> The data:

=== Section Start ===

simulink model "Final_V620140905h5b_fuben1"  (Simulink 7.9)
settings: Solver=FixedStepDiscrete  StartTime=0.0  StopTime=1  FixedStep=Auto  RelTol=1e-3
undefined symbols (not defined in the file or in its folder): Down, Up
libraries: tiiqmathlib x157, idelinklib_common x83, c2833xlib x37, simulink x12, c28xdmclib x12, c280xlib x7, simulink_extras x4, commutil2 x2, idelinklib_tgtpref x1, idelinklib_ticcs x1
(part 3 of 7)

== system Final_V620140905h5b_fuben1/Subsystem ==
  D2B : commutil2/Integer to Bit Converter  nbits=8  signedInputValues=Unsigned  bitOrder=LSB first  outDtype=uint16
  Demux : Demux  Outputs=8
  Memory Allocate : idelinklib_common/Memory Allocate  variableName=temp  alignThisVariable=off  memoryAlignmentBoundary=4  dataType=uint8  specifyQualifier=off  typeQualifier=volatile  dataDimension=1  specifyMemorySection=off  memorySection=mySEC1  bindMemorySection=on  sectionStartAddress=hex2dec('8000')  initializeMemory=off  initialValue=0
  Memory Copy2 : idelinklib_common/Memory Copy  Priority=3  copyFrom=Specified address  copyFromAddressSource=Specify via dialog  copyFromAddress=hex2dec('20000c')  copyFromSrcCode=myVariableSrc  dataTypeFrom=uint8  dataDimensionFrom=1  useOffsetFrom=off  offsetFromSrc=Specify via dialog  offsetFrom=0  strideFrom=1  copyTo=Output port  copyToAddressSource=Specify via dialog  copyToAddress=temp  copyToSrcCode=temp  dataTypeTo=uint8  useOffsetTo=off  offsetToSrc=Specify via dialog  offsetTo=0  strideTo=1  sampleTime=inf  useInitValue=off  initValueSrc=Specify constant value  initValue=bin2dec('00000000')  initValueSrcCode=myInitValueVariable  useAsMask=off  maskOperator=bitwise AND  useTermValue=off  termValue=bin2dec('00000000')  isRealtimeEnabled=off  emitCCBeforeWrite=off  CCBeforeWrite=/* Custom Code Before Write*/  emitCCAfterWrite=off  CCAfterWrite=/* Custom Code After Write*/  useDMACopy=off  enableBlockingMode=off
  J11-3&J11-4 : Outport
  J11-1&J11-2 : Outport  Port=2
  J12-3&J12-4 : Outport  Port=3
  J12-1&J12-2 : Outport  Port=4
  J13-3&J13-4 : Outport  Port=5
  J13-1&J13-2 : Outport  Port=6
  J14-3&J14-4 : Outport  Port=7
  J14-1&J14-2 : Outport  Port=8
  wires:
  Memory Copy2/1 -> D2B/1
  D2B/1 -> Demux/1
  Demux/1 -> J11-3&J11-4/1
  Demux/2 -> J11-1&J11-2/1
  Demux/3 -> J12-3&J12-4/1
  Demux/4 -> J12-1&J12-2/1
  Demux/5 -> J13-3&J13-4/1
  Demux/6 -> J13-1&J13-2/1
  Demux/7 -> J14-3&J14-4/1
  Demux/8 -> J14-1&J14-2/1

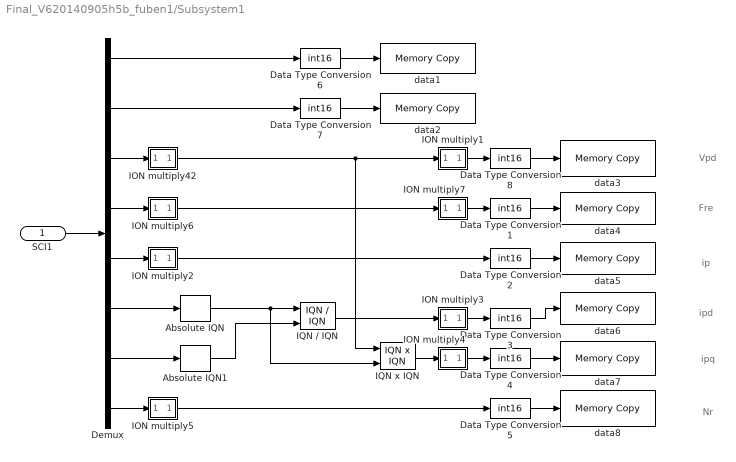
== system Final_V620140905h5b_fuben1/Subsystem1 ==
  note: Vpd
  note: Fre
  note: ip
  note: ipd
  note: ipq
  note: Nr
  SCI1 : Inport
  Absolute IQN : tiiqmathlib/Absolute IQN
  Absolute IQN1 : tiiqmathlib/Absolute IQN
  Data Type Conversion{1..8} (8 alike) : DataTypeConversion  OutDataTypeStr=int16
  Demux : Demux  Outputs=8
  ION multiply1 : Subsystem  mask{x=10}
      mask prompts: x "gain"
  ION multiply2 : Subsystem  mask{x=10}
      mask prompts: x "gain"
  ION multiply3 : Subsystem  mask{x=10}
      mask prompts: x "gain"
  ION multiply4 : Subsystem  mask{x=10}
      mask prompts: x "gain"
  ION multiply42 : Subsystem  mask{x=1.732/1.414}
      mask prompts: x "gain"
  ION multiply5 : Subsystem  mask{x=100}
      mask prompts: x "gain"
  ION multiply6 : Subsystem  mask{x=1.732/1.414}
      mask prompts: x "gain"
  ION multiply7 : Subsystem  mask{x=10}
      mask prompts: x "gain"
  IQN / IQN : tiiqmathlib/IQN // IQN
  IQN x IQN : tiiqmathlib/IQN x IQN  multiplyOption=Multiply
  data1 : idelinklib_common/Memory Copy  Priority=9  copyFrom=Input port  copyFromAddressSource=Specify via dialog  copyFromAddress=hex2dec('200004')  copyFromSrcCode=data  dataTypeFrom=int16  dataDimensionFrom=1  useOffsetFrom=off  offsetFromSrc=Specify via dialog  offsetFrom=0  strideFrom=1  copyTo=Specified source code symbol  copyToAddressSource=Specify via dialog  copyToAddress=temp  copyToSrcCode=data  dataTypeTo=int16  useOffsetTo=on  offsetToSrc=Specify via dialog  offsetTo=0  strideTo=1  sampleTime=inf  useInitValue=on  initValueSrc=Specify constant value  initValue=bin2dec('00000000')  initValueSrcCode=myInitValueVariable  useAsMask=off  maskOperator=bitwise AND  useTermValue=off  termValue=bin2dec('00000000')  isRealtimeEnabled=off  emitCCBeforeWrite=off  CCBeforeWrite=/* Custom Code Before Write*/  emitCCAfterWrite=off  CCAfterWrite=/* Custom Code After Write*/  useDMACopy=off  enableBlockingMode=off
  data2 : idelinklib_common/Memory Copy  Priority=9  copyFrom=Input port  copyFromAddressSource=Specify via dialog  copyFromAddress=hex2dec('200004')  copyFromSrcCode=data  dataTypeFrom=int16  dataDimensionFrom=1  useOffsetFrom=off  offsetFromSrc=Specify via dialog  offsetFrom=0  strideFrom=1  copyTo=Specified source code symbol  copyToAddressSource=Specify via dialog  copyToAddress=temp  copyToSrcCode=data  dataTypeTo=int16  useOffsetTo=on  offsetToSrc=Specify via dialog  offsetTo=1  strideTo=1  sampleTime=inf  useInitValue=on  initValueSrc=Specify constant value  initValue=bin2dec('00000000')  initValueSrcCode=myInitValueVariable  useAsMask=off  maskOperator=bitwise AND  useTermValue=off  termValue=bin2dec('00000000')  isRealtimeEnabled=off  emitCCBeforeWrite=off  CCBeforeWrite=/* Custom Code Before Write*/  emitCCAfterWrite=off  CCAfterWrite=/* Custom Code After Write*/  useDMACopy=off  enableBlockingMode=off
  data3 : idelinklib_common/Memory Copy  Priority=9  copyFrom=Input port  copyFromAddressSource=Specify via dialog  copyFromAddress=hex2dec('200004')  copyFromSrcCode=data  dataTypeFrom=int16  dataDimensionFrom=1  useOffsetFrom=off  offsetFromSrc=Specify via dialog  offsetFrom=0  strideFrom=1  copyTo=Specified source code symbol  copyToAddressSource=Specify via dialog  copyToAddress=temp  copyToSrcCode=data  dataTypeTo=int16  useOffsetTo=on  offsetToSrc=Specify via dialog  offsetTo=2  strideTo=1  sampleTime=inf  useInitValue=on  initValueSrc=Specify constant value  initValue=bin2dec('00000000')  initValueSrcCode=myInitValueVariable  useAsMask=off  maskOperator=bitwise AND  useTermValue=off  termValue=bin2dec('00000000')  isRealtimeEnabled=off  emitCCBeforeWrite=off  CCBeforeWrite=/* Custom Code Before Write*/  emitCCAfterWrite=off  CCAfterWrite=/* Custom Code After Write*/  useDMACopy=off  enableBlockingMode=off
  data4 : idelinklib_common/Memory Copy  Priority=9  copyFrom=Input port  copyFromAddressSource=Specify via dialog  copyFromAddress=hex2dec('200004')  copyFromSrcCode=data  dataTypeFrom=int16  dataDimensionFrom=1  useOffsetFrom=off  offsetFromSrc=Specify via dialog  offsetFrom=0  strideFrom=1  copyTo=Specified source code symbol  copyToAddressSource=Specify via dialog  copyToAddress=temp  copyToSrcCode=data  dataTypeTo=int16  useOffsetTo=on  offsetToSrc=Specify via dialog  offsetTo=3  strideTo=1  sampleTime=inf  useInitValue=on  initValueSrc=Specify constant value  initValue=bin2dec('00000000')  initValueSrcCode=myInitValueVariable  useAsMask=off  maskOperator=bitwise AND  useTermValue=off  termValue=bin2dec('00000000')  isRealtimeEnabled=off  emitCCBeforeWrite=off  CCBeforeWrite=/* Custom Code Before Write*/  emitCCAfterWrite=off  CCAfterWrite=/* Custom Code After Write*/  useDMACopy=off  enableBlockingMode=off
  data5 : idelinklib_common/Memory Copy  Priority=9  copyFrom=Input port  copyFromAddressSource=Specify via dialog  copyFromAddress=hex2dec('200004')  copyFromSrcCode=data  dataTypeFrom=int16  dataDimensionFrom=1  useOffsetFrom=off  offsetFromSrc=Specify via dialog  offsetFrom=0  strideFrom=1  copyTo=Specified source code symbol  copyToAddressSource=Specify via dialog  copyToAddress=temp  copyToSrcCode=data  dataTypeTo=int16  useOffsetTo=on  offsetToSrc=Specify via dialog  offsetTo=4  strideTo=1  sampleTime=inf  useInitValue=off  initValueSrc=Specify constant value  initValue=bin2dec('00000000')  initValueSrcCode=myInitValueVariable  useAsMask=off  maskOperator=bitwise AND  useTermValue=off  termValue=bin2dec('00000000')  isRealtimeEnabled=off  emitCCBeforeWrite=off  CCBeforeWrite=/* Custom Code Before Write*/  emitCCAfterWrite=off  CCAfterWrite=/* Custom Code After Write*/  useDMACopy=off  enableBlockingMode=off
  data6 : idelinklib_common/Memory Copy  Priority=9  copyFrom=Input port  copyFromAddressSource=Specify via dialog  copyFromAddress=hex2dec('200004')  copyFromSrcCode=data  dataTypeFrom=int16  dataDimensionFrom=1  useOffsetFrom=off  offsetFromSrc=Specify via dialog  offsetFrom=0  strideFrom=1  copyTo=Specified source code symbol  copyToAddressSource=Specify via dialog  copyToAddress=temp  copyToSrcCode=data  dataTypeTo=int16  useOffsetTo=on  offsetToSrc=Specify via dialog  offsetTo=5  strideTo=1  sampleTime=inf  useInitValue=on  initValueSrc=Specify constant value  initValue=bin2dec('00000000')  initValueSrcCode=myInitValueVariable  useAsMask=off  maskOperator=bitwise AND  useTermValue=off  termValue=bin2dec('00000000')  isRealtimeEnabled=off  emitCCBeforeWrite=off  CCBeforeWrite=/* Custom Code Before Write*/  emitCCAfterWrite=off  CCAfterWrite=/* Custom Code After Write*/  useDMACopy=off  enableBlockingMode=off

=== Section End ===

> Exercise goal: Read the listing. Copy each line that has the word "note" in it.

> Written answer:
  note: Vpd
  note: Fre
  note: ip
  note: ipd
  note: ipq
  note: Nr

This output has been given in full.